Streamline Performance Analyzer

Arm DS-5 Development Studio Streamline performance analyzer enables you to get the best out of your system’s resources and create high performance, energy efficient products. Its innovative user interface brings together system performance metrics, software tracing, statistical profiling and power measurement to present you with a system dashboard where you can quickly identify code hotspots, system bottlenecks and other unintended effects of your code or the system architecture. Take an in-depth look at Streamline or read the Streamline FAQ.

  • Speed Up Your Code

    Find out where the CPU is spending the most time, improve code parallelization for multicore platforms and tune code for optimal cache usage.

  • Reduce Energy Footprint

    Monitor actual power consumption with the Arm Energy Probe, spot where you can improve power management and optimize compute tasks for efficiency.

  • Balance System Resources

    Analyze and optimize Mali GPU utilization, monitor CPU and GPU cache usage and system memory. Check load distribution across multiple cores.

  • Customize it for Your System

    Connect your own data to Streamline analysis views, extend the open source driver to monitor variables and augment your code to send printf-like messages to Streamline.

The right level for modern complex systems

We are great fans of Arm CoreSight trace. It is the best technology for so many use cases. But the reality is, on today’s very fast and complex multicore SoCs instruction level is just the wrong level of abstraction for system analysis. Streamline for Linux and Android uses a hassle-free architecture, based on a software agent (named Gator), to collect all statistics you require to analyze your system, at a fraction of the cost of a high-end trace unit. Gator is open source (therefore extensible) and typically does not take more than 3% of CPU time on a single core device. Learn more about real-life Streamline use cases in this blog series.

Multicore system optimization made simple

The potential performance gain of an extra core can be easily missed because of issues like poor thread synchronization and sub-optimal parallelization. For SMP platforms, Streamline features per-core and per-cluster statistics to help you quickly verify your system utilization. Moreover, as if you were Superman, the X-Ray mode makes you see through the software threads’ tracing to find out on which core they were running at any moment.

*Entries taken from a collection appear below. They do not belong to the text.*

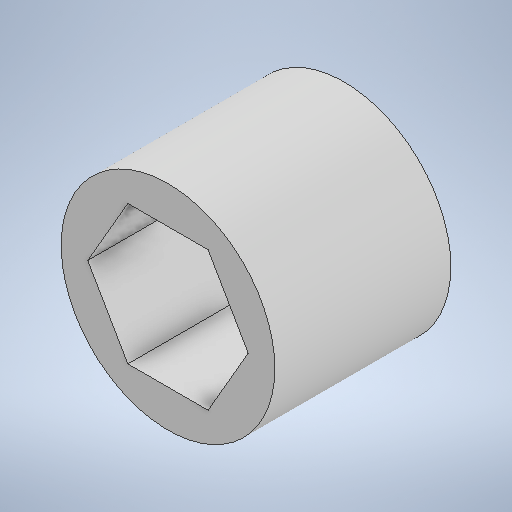
# Autodesk Inventor part: 0.633 Spacer 0.5 Hex
Saved by Autodesk Inventor 2025.1 (Build 291241020, 241B)
## iProperties
Created: 2024-10-06
Part Number: 0.633 Spacer 0.5 Hex
Material: Generic
Document SubType Name: Modeling
Designer: xmand
Density: 1 g/cm^3
Appearance: Default
Author: xmand
Autodesk Inventor part; units mm, degrees
ref_plane "YZ Plane" through (0, 0, 0) normal (1, 0, 0) x (0, 1, 0)
ref_plane "XZ Plane" through (0, 0, 0) normal (0, 1, 0) x (-1, 0, 0)
ref_plane "XY Plane" through (0, 0, 0) normal (0, 0, 1) x (1, 0, 0)
sketch "Sketch1" plane through (0, 0, 0) normal (0, 0, 1) x (1, 0, 0)
  line L0 (7.3293, 0) -> (3.6646, -6.3473)
  line L1 (3.6646, -6.3473) -> (-3.6646, -6.3473)
  line L2 (-3.6646, -6.3473) -> (-7.3293, 0)
  line L3 (-7.3293, 0) -> (-3.6646, 6.3473)
  line L4 (-3.6646, 6.3473) -> (3.6646, 6.3473)
  line L5 (3.6646, 6.3473) -> (7.3293, 0)
  circle A0 centre (0, 0) radius 9.7536
  dimension "d0" = 19.5072
  dimension "d1" = 12.6947
  constraints: 12 end point, 2 coincident, 1 centre point, 1 horizontal, 13 other
  measures "d0" diameter of A0
  measures "d1" distance between parallel lines of L1 L4
extrude "Extrusion1" add sketch "Sketch1" along normal mid plane 16.0782
body "Solid1"

Reap the energy efficiency advantage of your Arm device

ARM Energy Probe and National Instruments DAQ unit

We are very proud of our processor technology and its indisputable energy efficiency leadership. However, between us designing our IP and your final product shipping, many things can dramatically impact on energy consumption. In this respect, we know your software can be either the hero or the villain of the day.

When paired to an Arm Energy Probe or National Instruments DAQ unit, Streamline can acquire real power data from your board and correlate it with all the other software and hardware statistics, including DVFS and cpuidle, to show you the true picture of your power management. Alternatively, Streamline can read and display these measurements directly from your Linux hwmon subsystem. Learn more about how to use the Energy Probe with the hwmon subsystem in this blog. Watch the Energy Probe introduction video.

Integrated Arm Mali Graphics, OpenCL and CoreLink CCI Performance Analysis

Graphics intensive tasks, such as sophisticated user interfaces and gaming content, do not run in isolation in just one processor. For this reason, you need to have visibility of the performance across application and graphics processors. Streamline links up to Arm Mali GPU drivers to provide a wide range of statistics on OpenGL® ES 1.1 and 2.0 usage, over 300 software and hardware performance counters and samples of the frame buffer, enabling a new breed of high performance, energy efficient content. Learn about GPU optimization for Mali Utgard and Midgard devices with our practical guide.

Streamline also supports visualization of OpenCL dependencies, helping you to balance resources between GPU and CPU better than ever. By making clever use of processor loading, significant performance gains are possible, giving your customers a slicker, more responsive, more engaging experience on the latest generation of mobile devices.

In addition, Streamline highlights bottlenecks coming from fabric resources such as cache memories and the CoreLink CCI-400 by also reading and displaying its performance counters.

ARM Streamline on DS-5 v5.21 showing Mali counters and OpenCL support

User Annotations

Streamline also provides visibility of high-level events in the software, which are important to measure time between events and understand the relationships between events, thread activity and system resources. From tracking machine state changes on a timeline, to correlating frame buffer content with performance issues, all you need to do is to write (yes, printf style) into the gator driver from either user or kernel space.